The Sharing Circle - Season 15


Crooked Music: 'John Arcand, The Master of the Metis Fiddle'
Director: Doug Howe
John has spent his lifetime promoting and preserving the traditions of Métis Fiddle and Dance and old time fiddling. In 1998 he stage the first John Arcand Fiddle Festival and now after 8 years this annual celebration has become one of the major fiddle events in Western Canada each summer.

Not Just Beads and Moccasins
Directors: Kristin Tresoor, Vanessa Loewen
Not Just Beads & Mocassins will explore contemporary Aboriginal Art. The dominant perception is that Aboriginal Art is all traditional: images of wolves and bears done up in the way of beads and mocassins. Contemporary artists often draw on those traditions, even though the intent and effect is different...making it some of the hottest stuff around!

Children of the Earth
Director: Lisa Meeches
The Sharing Circle will visit a Winnipeg school that harkens back to the lessons of our ancestors, makes valid the concept of Aboriginality in the education system, and scores highly in a poll of the top high schools in all of Canada.
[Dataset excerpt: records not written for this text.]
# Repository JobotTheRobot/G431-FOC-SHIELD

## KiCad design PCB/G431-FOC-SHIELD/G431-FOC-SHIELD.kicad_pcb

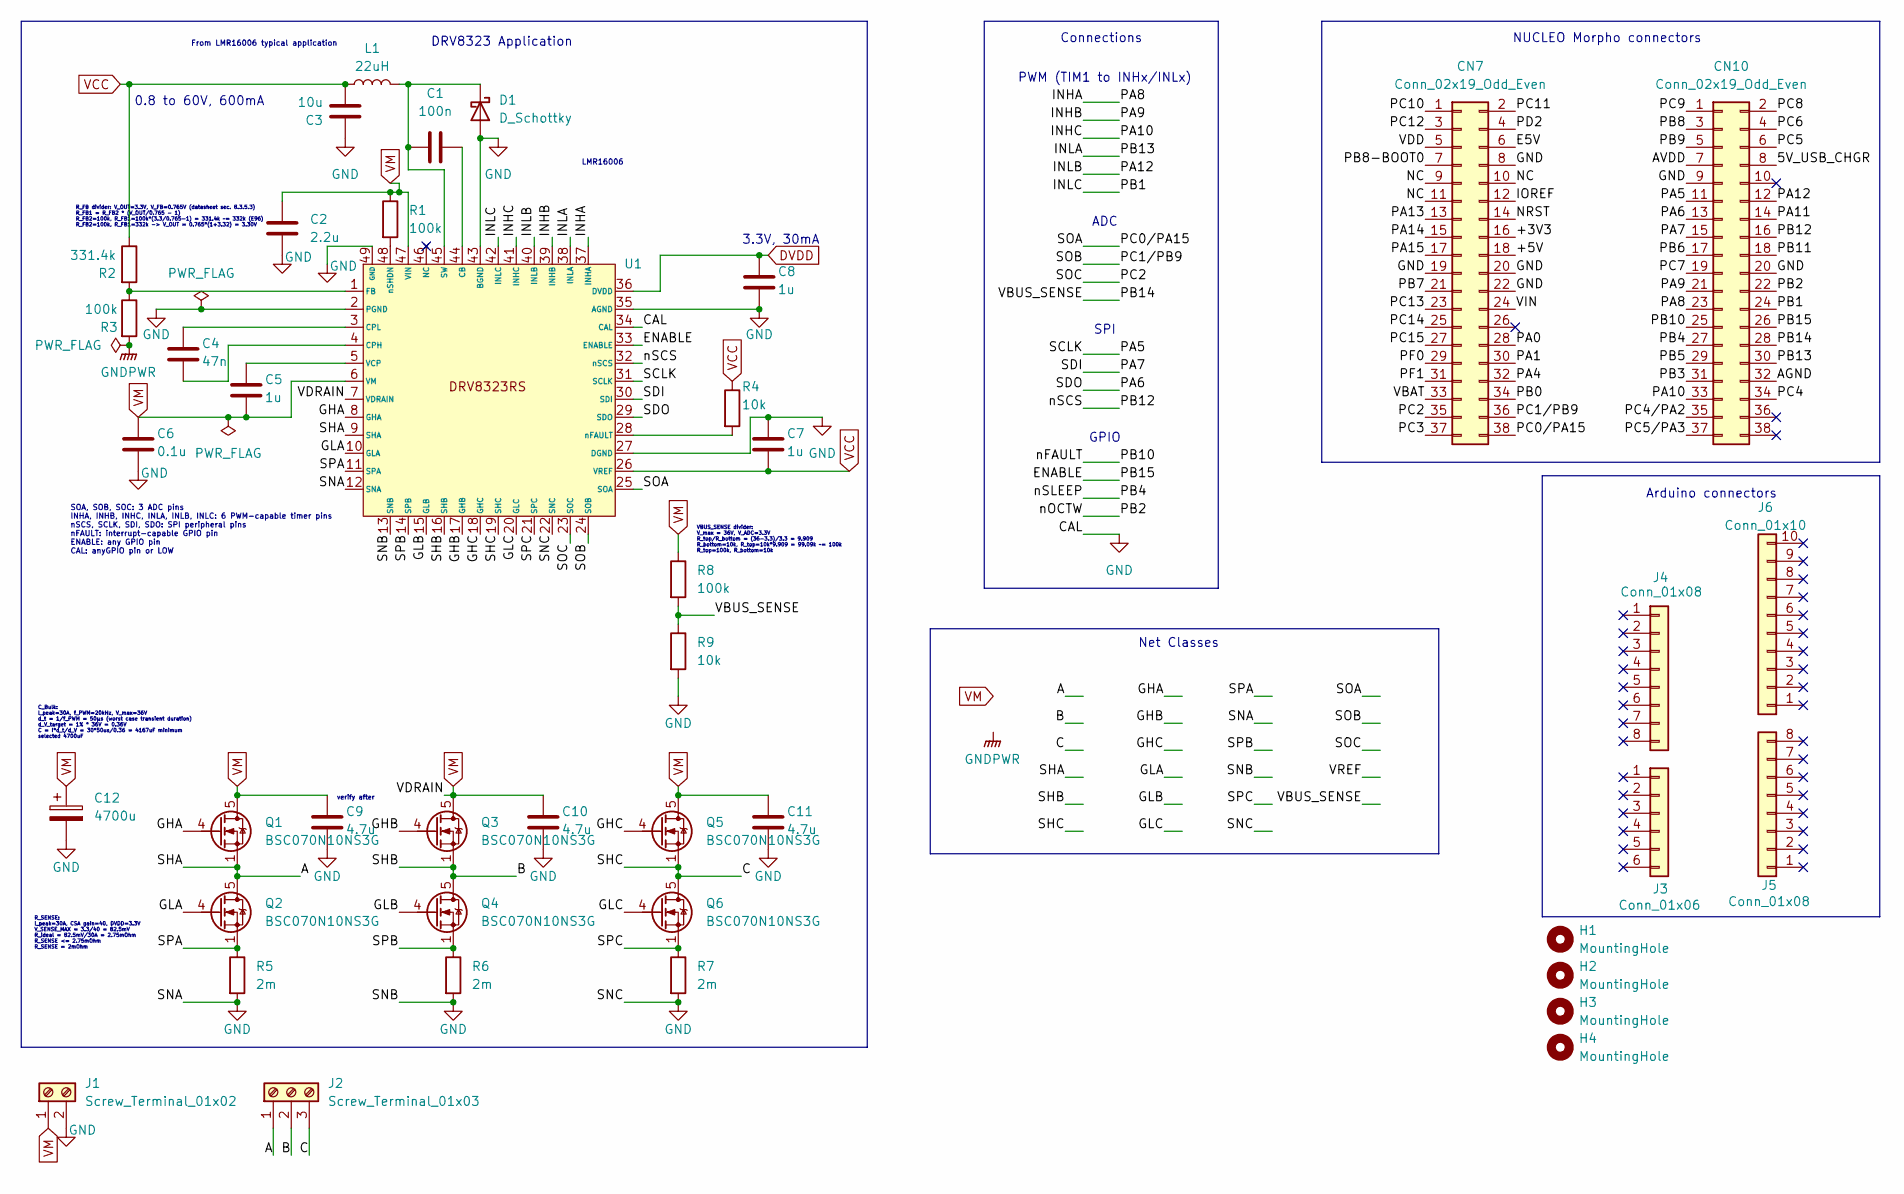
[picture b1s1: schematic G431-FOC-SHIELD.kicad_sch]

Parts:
C1: 100n; C_0603_1608Metric
C2: 2.2u; C_0805_2012Metric
C3: 10u; C_0805_2012Metric
C4: 47n; C_0805_2012Metric
C5, C7, C8: 1u; C_0603_1608Metric
C6: 0.1u; C_0603_1608Metric
C9, C10, C11: 4.7u; C_1210_3225Metric
C12: 4700u; CP_Radial_D16.0mm_P7.50mm
CN7, CN10: Conn_02x19_Odd_Even; PinSocket_2x19_P2.54mm_Vertical
D1: D_Schottky; D_SMA
H1, H2, H3, H4: MountingHole; MountingHole_3.2mm_M3
J1: Screw_Terminal_01x02; TerminalBlock_Phoenix_MKDS-1,5-2_1x02_P5.00mm_Horizontal
J2: Screw_Terminal_01x03; TerminalBlock_Phoenix_MKDS-1,5-3_1x03_P5.00mm_Horizontal
J3: Conn_01x06; PinHeader_1x06_P2.54mm_Vertical
J4, J5: Conn_01x08; PinHeader_1x08_P2.54mm_Vertical
J6: Conn_01x10; PinHeader_1x10_P2.54mm_Vertical
L1: 22uH; L_1210_3225Metric
Q1, Q2, Q3, Q4, Q5, Q6: BSC070N10NS3G; TDSON-8-1
R1, R3, R8: 100k; R_0603_1608Metric
R2: 331.4k; R_0603_1608Metric
R4, R9: 10k; R_0603_1608Metric
R5, R6, R7: 2m; R_2512_6332Metric
U1: DRV8323RSRGZR; QFN50P700X700X100-49N; PARTREV C

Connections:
/5V_USB_CHGR: CN10.8
/+3V3: CN7.16
/+5V: CN7.18
/A: J2.1, Q1.1 (S), Q1.2 (S), Q1.3 (S), Q2.5 (D), U1.9 (SHA)
/AGND: CN10.32
/AVDD: CN10.7
/B: J2.2, Q3.1 (S), Q3.2 (S), Q3.3 (S), Q4.5 (D), U1.16 (SHB)
/C: J2.3, Q5.1 (S), Q5.2 (S), Q5.3 (S), Q6.5 (D), U1.19 (SHC)
/E5V: CN7.6
/ENABLE: CN10.26, U1.33 (ENABLE)
/GHA: Q1.4 (G), U1.8 (GHA)
/GHB: Q3.4 (G), U1.17 (GHB)
/GHC: Q5.4 (G), U1.18 (GHC)
/GLA: Q2.4 (G), U1.10 (GLA)
/GLB: Q4.4 (G), U1.15 (GLB)
/GLC: Q6.4 (G), U1.20 (GLC)
/INHA: CN10.23, U1.37 (INHA)
/INHB: CN10.21, U1.39 (INHB)
/INHC: CN10.33, U1.41 (INHC)
/INLA: CN10.30, U1.38 (INLA)
/INLB: CN10.12, U1.40 (INLB)
/INLC: CN10.24, U1.42 (INLC)
/IOREF: CN7.12
/NC: CN7.9, CN7.10, CN7.11
/NRST: CN7.14
/PA0: CN7.28
/PA1: CN7.30
/PA4: CN7.32
/PA5: CN10.11, U1.31 (SCLK)
/PA6: CN10.13, U1.29 (SDO)
/PA7: CN10.15, U1.30 (SDI)
/PA11: CN10.14
/PA13: CN7.13
/PA14: CN7.15
/PA15: CN7.17
/PB0: CN7.34
/PB2: CN10.22
/PB3: CN10.31
/PB4: CN10.27
/PB5: CN10.29
/PB6: CN10.17
/PB7: CN7.21
/PB8: CN10.3
/PB8-BOOT0: CN7.7
/PB9: CN10.5
/PB10: CN10.25
/PB11: CN10.18
/PB12: CN10.16, U1.32 (nSCS)
/PB14: CN10.28, R8.2, R9.1
/PC0/PA15: CN7.38, U1.25 (SOA)
/PC1/PB9: CN7.36, U1.24 (SOB)
/PC2: CN7.35, U1.23 (SOC)
/PC3: CN7.37
/PC4: CN10.34
/PC4/PA2: CN10.35
/PC5: CN10.6
/PC5/PA3: CN10.37
/PC6: CN10.4
/PC7: CN10.19
/PC8: CN10.2
/PC9: CN10.1
/PC10: CN7.1
/PC11: CN7.2
/PC12: CN7.3
/PC13: CN7.23
/PC14: CN7.25
/PC15: CN7.27
/PD2: CN7.4
/PF0: CN7.29
/PF1: CN7.31
/SPA: Q2.1 (S), Q2.2 (S), Q2.3 (S), R5.1, U1.11 (SPA)
/SPB: Q4.1 (S), Q4.2 (S), Q4.3 (S), R6.1, U1.14 (SPB)
/SPC: Q6.1 (S), Q6.2 (S), Q6.3 (S), R7.1, U1.21 (SPC)
/VBAT: CN7.33
/VDD: CN7.5
/VIN: CN7.24
DVDD: C8.1, U1.36 (DVDD)
GND: C2.2, C3.2, C6.2, C7.1, C8.2, C9.2, C10.2, C11.2, C12.2, CN7.8, CN7.19, CN7.20, CN7.22, CN10.9, CN10.20, D1.2 (A), J1.2, R5.2, R6.2, R7.2, R9.2, U1.2 (PGND), U1.12 (SNA), U1.13 (SNB), U1.22 (SNC), U1.27 (DGND), U1.34 (CAL), U1.35 (AGND), U1.43 (BGND), U1.49 (GND)
GNDPWR: R3.2
unnamed: C1.1, D1.1 (K), L1.2, U1.45 (SW)
unnamed: C1.2, U1.44 (CB)
unnamed: C4.2, U1.4 (CPH)
unnamed: C4.1, U1.3 (CPL)
unnamed: R2.2, R3.1, U1.1 (FB)
unnamed: C5.1, U1.5 (VCP)
unnamed: R4.2, U1.28 (nFAULT)
unnamed: R1.2, U1.48 (nSHDN)
VCC: C3.1, C7.2, L1.1, R2.1, R4.1, U1.26 (VREF)
VM: C2.1, C5.2, C6.1, C9.1, C10.1, C11.1, C12.1, J1.1, Q1.5 (D), Q3.5 (D), Q5.5 (D), R1.1, R8.1, U1.6 (VM), U1.7 (VDRAIN), U1.47 (VIN)

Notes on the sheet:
PWM (TIM1 to INHx/INLx)
NUCLEO Morpho connectors
Net Classes
From LMR16006 typical application
SOA, SOB, SOC: 3 ADC pins INHA, INHB, INHC, INLA, INLB, INLC: 6 PWM-capable timer pins nSCS, SCLK, SDI, SDO: SPI peripheral pins nFAULT: interrupt-capable GPIO pin ENABLE: any GPIO pin CAL: anyGPIO pin or LOW
VBUS_SENSE divider: V_max = 36V, V_ADC=3.3V R_top/R_bottom = (36-3.3)/3.3 = 9.909 R_bottom=10k, R_top=10k*9.909 = 99.09k ~= 100k R_top=100k, R_bottom=10k
0.8 to 60V, 600mA
SPI
R_FB divider: V_OUT=3.3V, V_FB=0.765V (datasheet sec. 8.3.5.3) R_FB1 = R_FB2 * (V_OUT/0.765 - 1) R_FB2=100k, R_FB1=100k*(3.3/0.765-1) = 331.4k ~= 332k (E96) R_FB2=100k, R_FB1=332k -> V_OUT = 0.765*(1+3.32) = 3.30V
C_Bulk: I_peak=30A, f_PWM=20kHz, V_max=36V d_t = 1/f_PWM = 50µs (worst case transient duration) d_V_target = 1% * 36V = 0.36V C = I*d_t/d_V = 30*50us/0.36 = 4167uF minimum selected 4700uF
R_SENSE: I_peak=30A, CSA gain=40, DVDD=3.3V V_SENSE_MAX = 3.3/40 = 82.5mV R_ideal = 82.5mV/30A = 2.75mOhm R_SENSE <= 2.75mOhm R_SENSE = 2mOhm
ADC
DRV8323 Application
3.3V, 30mA
verify after
Arduino connectors
LMR16006
Connections
GPIO

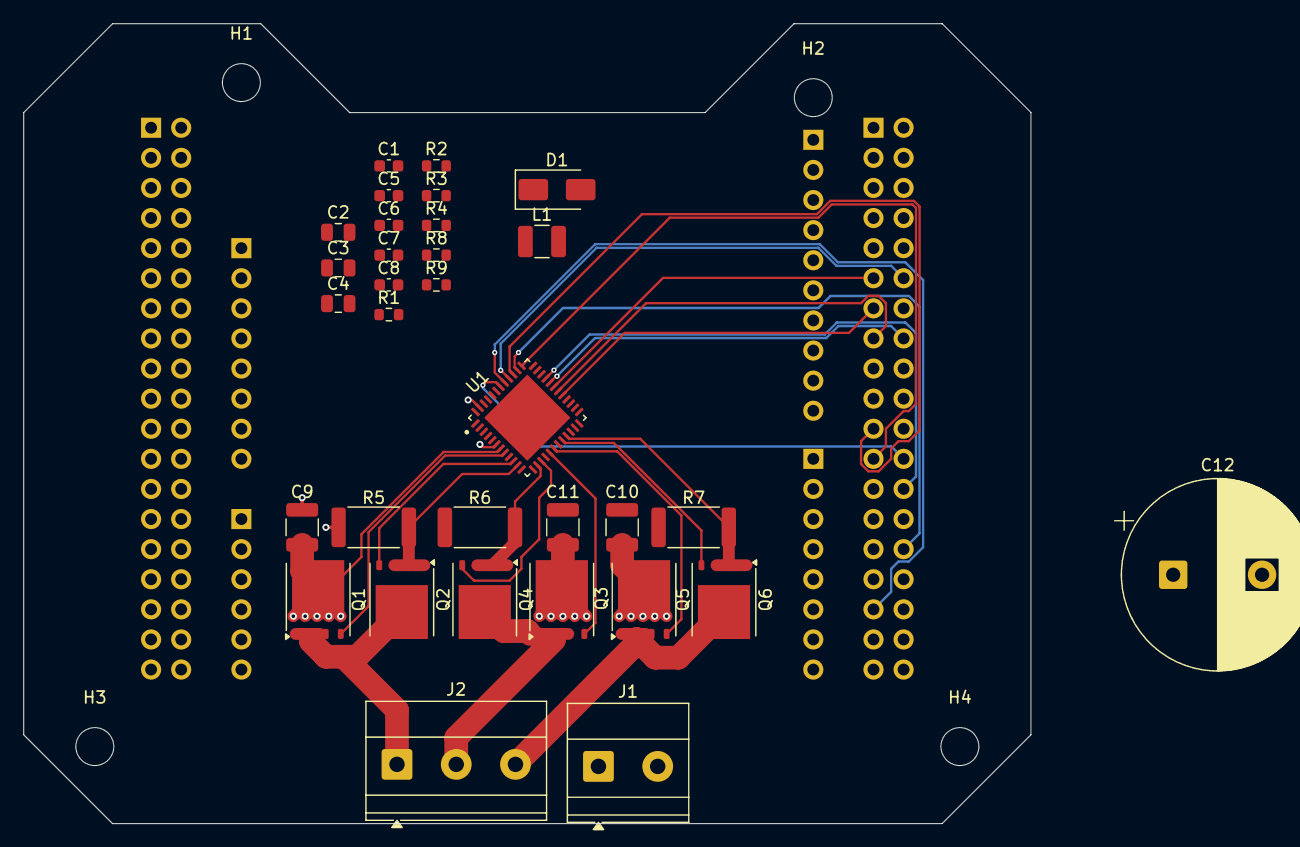
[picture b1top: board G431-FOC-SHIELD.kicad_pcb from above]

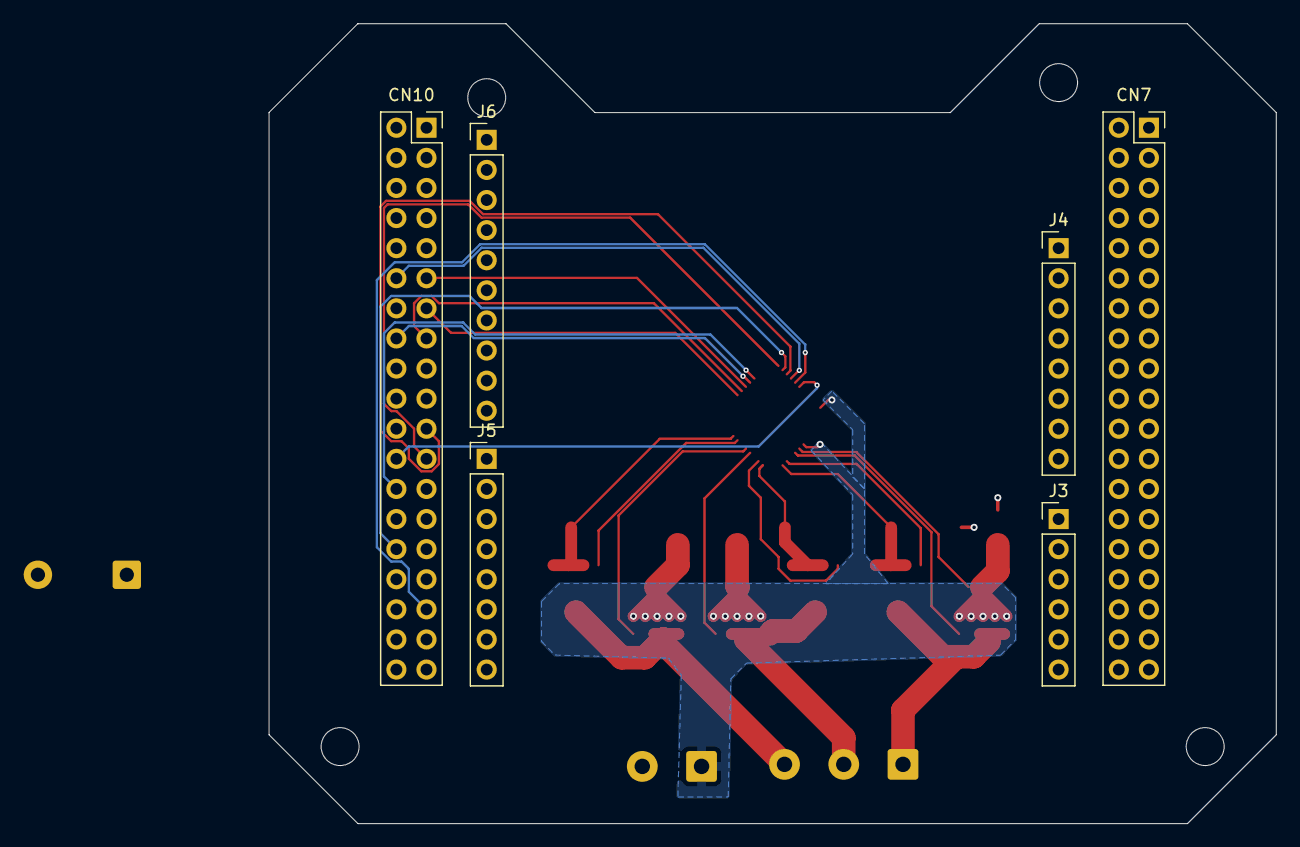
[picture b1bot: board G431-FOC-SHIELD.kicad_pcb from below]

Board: 4 copper layers, 85.0 x 67.5 mm, 42 parts (6 on the bottom side), 40 nets.

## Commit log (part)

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2025-10-20 project setup
2025-10-20 folder structure setup
2025-10-22 started FunctionalBlockDiagram
2025-11-03 block diagram
2025-12-26 added cubemx project
2025-12-30 started assigning pins properly
2026-02-01 restructuring
2026-03-27 started schematic design, added DRV8323 typical application
2026-04-01 started calculations python script
2026-04-01 calculations spreadsheet
2026-04-02 started schematic calculations
2026-05-17 calculations in schematic
2026-05-18 started layout
2026-05-19 4-layer stackup
2026-05-22 started placement

In 1991, Winnipeg School Division Number One began what was then considered a bold undertaking. They established a school in the North End that emphasized Aboriginal culture and academics. It allowed First Nations youth the freedom to practice their culture in a place where it was once prohibited, in schools. Today, Children of The Earth School is a model for others to follow.

Restoring the Sacred
Director: Stu James
Each autumn, high school students from reserve communities leave their homes to go to school in a city hundreds of miles away.They must face and cope with a way of life that is foreign, confusing and oftentimes dangerous. For them, the hardest test they will face isn't in the classroom. It is found in simply finding the will to stay in school, in overcoming their homesickness, in adjusting to the way of life in the city, and in avoiding the dangerous social traps surrounding them. Historically, half or more of the first year students don't last through the school year, with the greatest portion giving up before Christmas. Sadly, many of them become involved with urban gangs and leave school for a life of criminal activity. Even worse, some simply cannot adjust and commit suicide.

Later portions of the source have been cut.